» **Source material**:
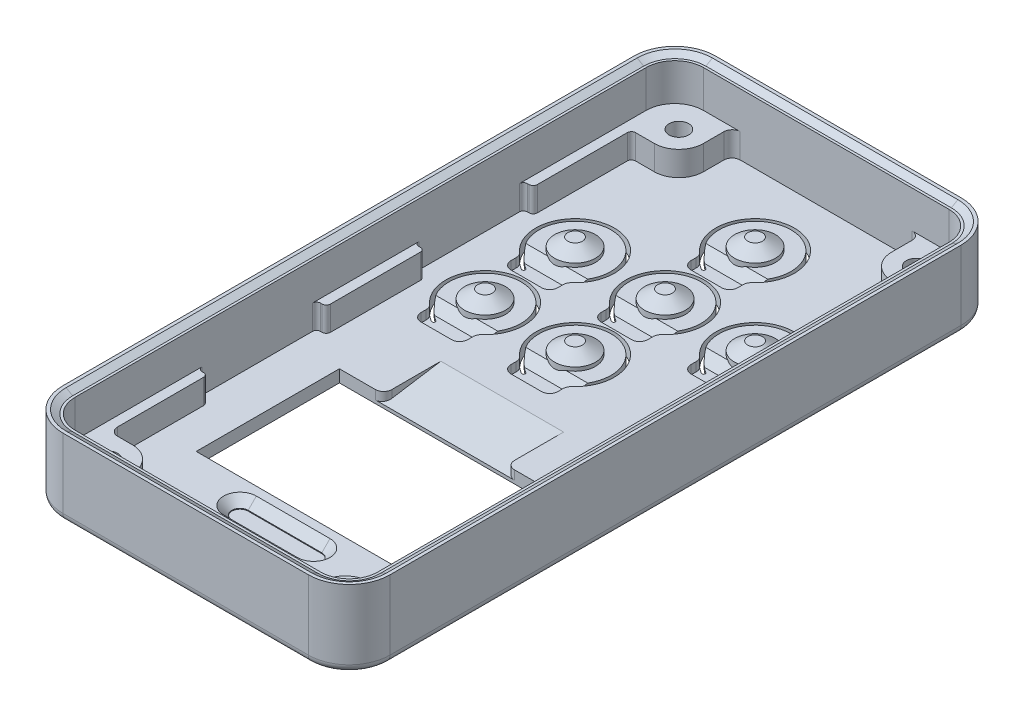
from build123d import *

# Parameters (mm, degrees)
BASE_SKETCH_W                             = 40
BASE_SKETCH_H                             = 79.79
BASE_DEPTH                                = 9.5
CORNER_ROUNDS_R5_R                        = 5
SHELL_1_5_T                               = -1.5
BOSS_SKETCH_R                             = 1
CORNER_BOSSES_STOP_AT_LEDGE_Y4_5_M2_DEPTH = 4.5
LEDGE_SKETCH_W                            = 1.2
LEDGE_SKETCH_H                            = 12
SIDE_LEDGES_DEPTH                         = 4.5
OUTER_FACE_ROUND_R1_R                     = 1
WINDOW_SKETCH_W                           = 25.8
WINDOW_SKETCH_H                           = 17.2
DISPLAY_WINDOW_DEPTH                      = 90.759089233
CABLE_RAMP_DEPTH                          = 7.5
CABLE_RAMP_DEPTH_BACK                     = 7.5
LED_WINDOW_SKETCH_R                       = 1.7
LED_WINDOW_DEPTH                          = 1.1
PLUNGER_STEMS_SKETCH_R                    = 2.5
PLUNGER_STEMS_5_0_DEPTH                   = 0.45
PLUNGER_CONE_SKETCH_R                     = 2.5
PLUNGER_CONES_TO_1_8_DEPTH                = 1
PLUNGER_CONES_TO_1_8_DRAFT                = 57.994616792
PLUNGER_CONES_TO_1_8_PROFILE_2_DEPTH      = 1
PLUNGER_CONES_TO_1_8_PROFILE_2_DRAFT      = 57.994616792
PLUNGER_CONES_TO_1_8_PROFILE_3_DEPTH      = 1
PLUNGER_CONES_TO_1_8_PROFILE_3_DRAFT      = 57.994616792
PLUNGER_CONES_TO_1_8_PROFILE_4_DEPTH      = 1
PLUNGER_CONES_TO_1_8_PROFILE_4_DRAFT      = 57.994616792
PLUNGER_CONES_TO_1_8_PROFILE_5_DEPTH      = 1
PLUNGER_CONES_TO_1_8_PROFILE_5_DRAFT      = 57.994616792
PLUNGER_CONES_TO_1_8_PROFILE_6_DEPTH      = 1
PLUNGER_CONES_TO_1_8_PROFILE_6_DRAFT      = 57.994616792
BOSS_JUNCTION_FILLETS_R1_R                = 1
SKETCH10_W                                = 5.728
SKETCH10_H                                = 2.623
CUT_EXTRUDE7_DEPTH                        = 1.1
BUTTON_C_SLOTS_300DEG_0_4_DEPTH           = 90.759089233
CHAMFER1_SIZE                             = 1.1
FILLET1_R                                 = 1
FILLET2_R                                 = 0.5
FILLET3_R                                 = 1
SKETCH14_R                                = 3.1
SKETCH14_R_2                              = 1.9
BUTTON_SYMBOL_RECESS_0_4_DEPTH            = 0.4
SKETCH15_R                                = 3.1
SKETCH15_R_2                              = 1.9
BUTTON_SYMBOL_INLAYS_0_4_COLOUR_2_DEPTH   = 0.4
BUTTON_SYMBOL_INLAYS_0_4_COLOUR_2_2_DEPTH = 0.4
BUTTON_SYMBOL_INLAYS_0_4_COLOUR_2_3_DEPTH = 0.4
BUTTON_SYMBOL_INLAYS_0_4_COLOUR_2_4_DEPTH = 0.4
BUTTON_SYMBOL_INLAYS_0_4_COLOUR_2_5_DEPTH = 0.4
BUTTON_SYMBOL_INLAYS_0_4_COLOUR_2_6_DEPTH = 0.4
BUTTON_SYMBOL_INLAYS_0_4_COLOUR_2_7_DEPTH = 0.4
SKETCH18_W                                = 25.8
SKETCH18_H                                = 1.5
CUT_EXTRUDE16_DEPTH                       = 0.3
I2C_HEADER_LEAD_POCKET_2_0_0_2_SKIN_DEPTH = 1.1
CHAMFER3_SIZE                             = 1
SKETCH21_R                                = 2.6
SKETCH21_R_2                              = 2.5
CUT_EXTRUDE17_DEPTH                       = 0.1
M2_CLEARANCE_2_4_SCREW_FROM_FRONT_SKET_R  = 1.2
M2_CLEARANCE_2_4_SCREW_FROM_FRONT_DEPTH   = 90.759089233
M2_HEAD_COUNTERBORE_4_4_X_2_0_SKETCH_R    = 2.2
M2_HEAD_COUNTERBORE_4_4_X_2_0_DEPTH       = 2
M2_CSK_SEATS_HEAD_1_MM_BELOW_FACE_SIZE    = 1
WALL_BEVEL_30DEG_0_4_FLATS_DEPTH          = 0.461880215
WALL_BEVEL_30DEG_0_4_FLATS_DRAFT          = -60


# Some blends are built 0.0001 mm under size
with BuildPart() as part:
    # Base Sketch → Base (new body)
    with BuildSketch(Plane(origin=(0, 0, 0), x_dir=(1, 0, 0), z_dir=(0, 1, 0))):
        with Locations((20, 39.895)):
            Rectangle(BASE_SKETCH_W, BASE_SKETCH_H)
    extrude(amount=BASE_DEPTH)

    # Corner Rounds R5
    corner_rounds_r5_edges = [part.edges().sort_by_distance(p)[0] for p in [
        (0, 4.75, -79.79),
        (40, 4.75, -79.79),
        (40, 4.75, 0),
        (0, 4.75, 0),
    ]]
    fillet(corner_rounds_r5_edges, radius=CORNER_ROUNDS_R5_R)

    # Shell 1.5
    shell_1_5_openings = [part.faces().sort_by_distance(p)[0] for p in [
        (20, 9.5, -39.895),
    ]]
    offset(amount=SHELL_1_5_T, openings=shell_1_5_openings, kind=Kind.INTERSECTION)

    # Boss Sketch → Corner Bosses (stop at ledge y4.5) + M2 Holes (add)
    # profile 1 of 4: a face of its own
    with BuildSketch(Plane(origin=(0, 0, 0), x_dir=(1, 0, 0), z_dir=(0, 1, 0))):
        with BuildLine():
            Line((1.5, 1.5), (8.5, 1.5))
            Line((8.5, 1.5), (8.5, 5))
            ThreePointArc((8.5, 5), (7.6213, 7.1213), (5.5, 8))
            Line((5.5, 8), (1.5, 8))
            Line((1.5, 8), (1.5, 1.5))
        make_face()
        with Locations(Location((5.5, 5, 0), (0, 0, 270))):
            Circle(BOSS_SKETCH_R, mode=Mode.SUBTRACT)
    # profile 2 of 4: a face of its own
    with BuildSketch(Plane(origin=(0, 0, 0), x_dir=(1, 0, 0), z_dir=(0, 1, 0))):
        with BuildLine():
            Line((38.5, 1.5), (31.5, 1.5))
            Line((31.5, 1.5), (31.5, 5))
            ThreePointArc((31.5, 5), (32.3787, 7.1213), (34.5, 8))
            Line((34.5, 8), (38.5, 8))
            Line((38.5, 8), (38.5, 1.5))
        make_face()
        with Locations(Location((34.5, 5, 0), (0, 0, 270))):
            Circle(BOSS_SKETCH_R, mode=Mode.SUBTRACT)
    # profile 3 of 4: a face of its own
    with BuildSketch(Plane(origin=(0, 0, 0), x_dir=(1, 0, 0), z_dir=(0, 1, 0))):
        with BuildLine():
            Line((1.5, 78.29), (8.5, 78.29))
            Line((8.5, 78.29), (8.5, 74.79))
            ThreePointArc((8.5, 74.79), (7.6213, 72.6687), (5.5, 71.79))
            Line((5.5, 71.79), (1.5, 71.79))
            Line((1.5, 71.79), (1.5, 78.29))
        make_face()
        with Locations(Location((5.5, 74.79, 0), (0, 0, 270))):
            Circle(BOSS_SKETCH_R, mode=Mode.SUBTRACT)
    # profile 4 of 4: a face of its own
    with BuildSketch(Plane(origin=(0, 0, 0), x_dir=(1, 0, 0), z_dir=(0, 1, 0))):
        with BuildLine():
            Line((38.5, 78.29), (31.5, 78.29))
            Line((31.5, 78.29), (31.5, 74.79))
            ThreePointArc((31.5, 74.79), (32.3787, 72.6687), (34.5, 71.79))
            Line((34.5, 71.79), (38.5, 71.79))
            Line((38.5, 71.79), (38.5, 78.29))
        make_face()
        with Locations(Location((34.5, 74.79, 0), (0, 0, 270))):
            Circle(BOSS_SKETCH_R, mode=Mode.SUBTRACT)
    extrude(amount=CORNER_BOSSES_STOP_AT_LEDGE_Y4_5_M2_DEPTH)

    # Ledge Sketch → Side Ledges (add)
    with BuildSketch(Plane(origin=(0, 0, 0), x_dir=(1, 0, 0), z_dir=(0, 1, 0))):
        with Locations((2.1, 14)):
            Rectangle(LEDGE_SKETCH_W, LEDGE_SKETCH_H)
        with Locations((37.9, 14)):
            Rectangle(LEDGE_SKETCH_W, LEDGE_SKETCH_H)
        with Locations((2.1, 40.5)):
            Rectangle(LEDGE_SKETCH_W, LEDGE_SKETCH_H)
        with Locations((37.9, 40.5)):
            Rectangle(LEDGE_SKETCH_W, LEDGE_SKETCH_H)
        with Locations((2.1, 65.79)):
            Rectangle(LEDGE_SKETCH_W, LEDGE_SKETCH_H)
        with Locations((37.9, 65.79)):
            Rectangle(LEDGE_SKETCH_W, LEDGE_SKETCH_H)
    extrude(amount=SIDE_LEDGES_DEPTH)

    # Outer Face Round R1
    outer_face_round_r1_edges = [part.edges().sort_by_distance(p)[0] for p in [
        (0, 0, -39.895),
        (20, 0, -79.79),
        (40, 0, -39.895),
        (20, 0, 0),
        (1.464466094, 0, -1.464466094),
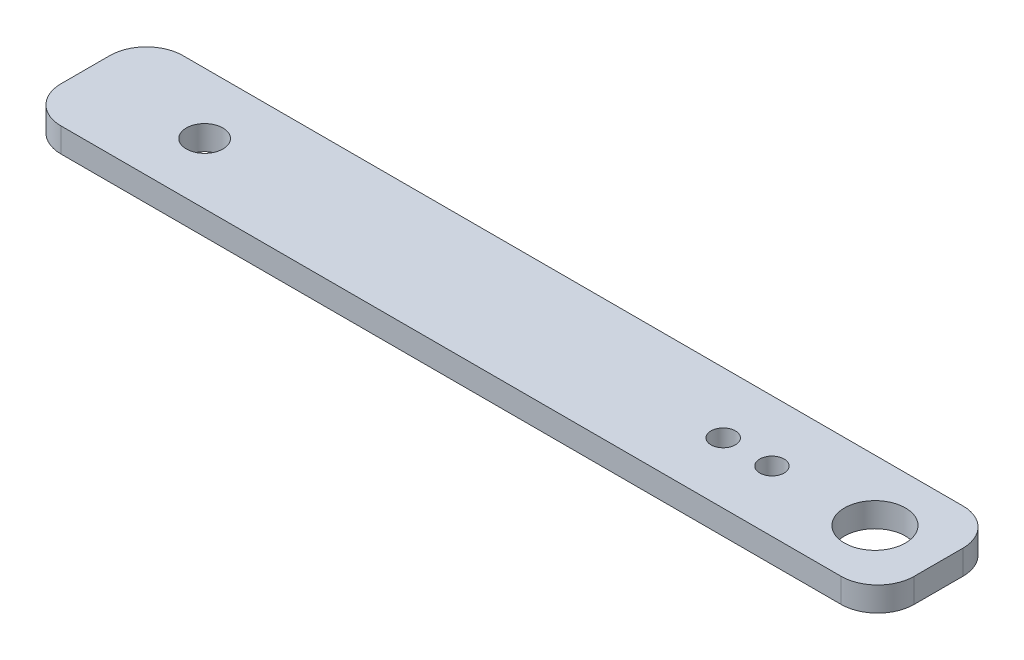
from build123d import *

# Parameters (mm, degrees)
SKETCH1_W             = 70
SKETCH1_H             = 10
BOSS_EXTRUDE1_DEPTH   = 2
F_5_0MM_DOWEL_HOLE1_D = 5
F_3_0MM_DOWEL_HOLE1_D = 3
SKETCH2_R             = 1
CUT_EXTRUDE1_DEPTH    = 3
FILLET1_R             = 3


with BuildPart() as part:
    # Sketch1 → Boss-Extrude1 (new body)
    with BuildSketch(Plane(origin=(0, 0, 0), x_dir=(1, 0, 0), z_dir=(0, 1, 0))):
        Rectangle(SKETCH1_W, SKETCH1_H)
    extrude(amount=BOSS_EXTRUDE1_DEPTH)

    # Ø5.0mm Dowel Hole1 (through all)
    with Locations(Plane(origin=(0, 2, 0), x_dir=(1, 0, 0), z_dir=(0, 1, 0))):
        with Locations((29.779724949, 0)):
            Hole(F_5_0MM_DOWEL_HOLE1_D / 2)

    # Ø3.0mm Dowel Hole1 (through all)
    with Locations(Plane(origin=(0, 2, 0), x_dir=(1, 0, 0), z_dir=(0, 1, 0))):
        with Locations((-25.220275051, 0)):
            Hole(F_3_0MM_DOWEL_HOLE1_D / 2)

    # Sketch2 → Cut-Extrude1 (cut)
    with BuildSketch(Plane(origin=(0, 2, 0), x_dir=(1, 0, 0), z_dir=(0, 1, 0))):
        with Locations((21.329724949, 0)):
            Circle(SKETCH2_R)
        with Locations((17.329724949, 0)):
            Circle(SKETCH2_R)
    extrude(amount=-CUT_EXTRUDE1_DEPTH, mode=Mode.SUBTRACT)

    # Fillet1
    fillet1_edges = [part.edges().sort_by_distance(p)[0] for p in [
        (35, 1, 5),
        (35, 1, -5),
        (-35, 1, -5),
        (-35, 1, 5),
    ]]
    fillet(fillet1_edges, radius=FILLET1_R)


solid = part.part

» **Exercise**: Could you state how many lines in the listing include the string "body"? Only the number is wanted.

» **Answer area**: 2